【WEB版】無能才女は余命わずかなようなので、 最後に好きにさせていただきます ~クズ家族と離れたら健康になるどころか、稀代の才能が開花しました~

「嘘よ、お姉さまにかぎって、そんなわけないわ!!」

 やはりレオナはすぐには納得しない。

「本当よ、このままいくと婚約よ! だから私はここを離れない!!」

 私は隣に立つアレク様の腕を取り、自身の腕と絡めた。

「ねえ、アレク?」

 顔を上げてにっこりと微笑む。ジッと私を見つめる彼に意図が伝わったようだ。
 同じように優しげに微笑む。

「ああ。そうだな」

 良かった、話を合わせてくれた!

「嘘よ、お姉さまのくせに……そんなに素敵な人……」

 レオナはアレク様を素敵だと認めるのが悔しいようだ。彼が私を選んだことが、信じられないのだろう。目をつり上げ顔を真っ赤にして鼻息は荒くなっている。

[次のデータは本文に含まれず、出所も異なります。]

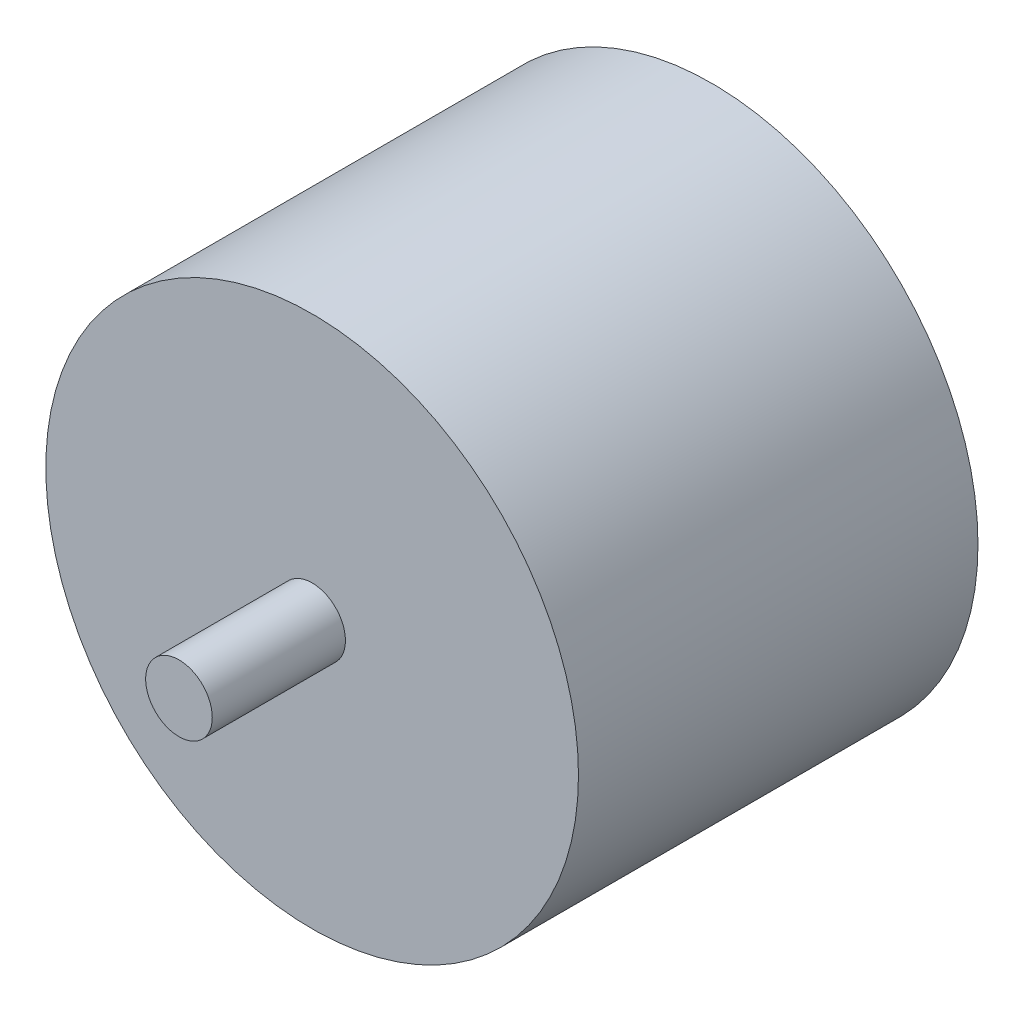
from build123d import *

# Parameters (mm, degrees)
SKETCH1_R           = 25.4
BOSS_EXTRUDE1_DEPTH = 19.05
SKETCH2_R           = 3.175
BOSS_EXTRUDE2_DEPTH = 12.7


with BuildPart() as part:
    # Sketch1 → Boss-Extrude1 (new body, symmetric)
    with BuildSketch(Plane.XY):
        Circle(SKETCH1_R)
    extrude(amount=BOSS_EXTRUDE1_DEPTH, both=True)

    # Sketch2 → Boss-Extrude2 (add)
    with BuildSketch(Plane.XY.offset(19.05)):
        Circle(SKETCH2_R)
    boss_extrude2 = extrude(amount=BOSS_EXTRUDE2_DEPTH)

    # Mirror1: Boss-Extrude2 across plane
    add(boss_extrude2.mirror(Plane.XY))


solid = part.part

「君は僕という存在がいながら、裏切っていたということか!?」

 横でギルバートがごちゃごちゃ言い始めたが、ため息をつく。

「破談にして家を飛び出したはずよ。だから、もうあなたとは関係ない」

 ノクティス家と縁を切った私。ギルバートも私に固執しても、得することはないと早く気づいた方がいい。
 目の前でやり合っている光景を、アレク様は黙って見つめていた。
 しばらくすると、深く息を吐き出した。

「それで、リディアにどんな用があるんだ?」

 急にグイッと腰に腕が回された。密着した熱を感じ、頬が赤くなった。ここは平常心を保たないと。せっかく合わせてくれているのだから、演技を無駄にはできない。

「そ、それはあなたには関係ないわ」
「あるさ。俺は彼女の恋人だから」

 堂々と恋人宣言されるとレオナがひるむ。
 だが隣のギルバートが指を突き付けて叫んだ。

「嘘だっ。僕という、人格も見た目も申し分ない婚約者がどこにいる!? そこら辺の男に負けるはずが――」

 そこでギルバートは真正面から、ようやくアレク様を注視したのだろう。
 頭のてっぺんから足のつま先までジッと見たあと、ウッと息をのんだ。あきらかにひるんでいる。

「なんだ? 負けないとでも言うつもりか?」

 挑発的に首を傾げるアレク様だが、その姿でさえ、さまになっている。
 二人を交互に見ると、一目瞭然だった。アレク様の方が背も高いし、足も長い。だが顔の大きさはだけはギルバートが勝っていた。
 スラッとして人目を惹く容姿とは、まさに彼のことを言うのだと感心した。

 ギルバートはナルシストだが、自分より容姿の優れている人を見て、ショックを受けている。だが次第に、ギルバートはハッとした表情を見せた。アレク様の顔をまじまじと見つめ、硬直する。

 サッと視線を逸らしたと思うと、一歩後退する。
 そのままレオナの袖を引っ張る。

「か、帰ろう」

 途端に尻尾を巻いた弱気なギルバートの態度を疑問に思う。だが、レオナはギルバートの手を振り払う。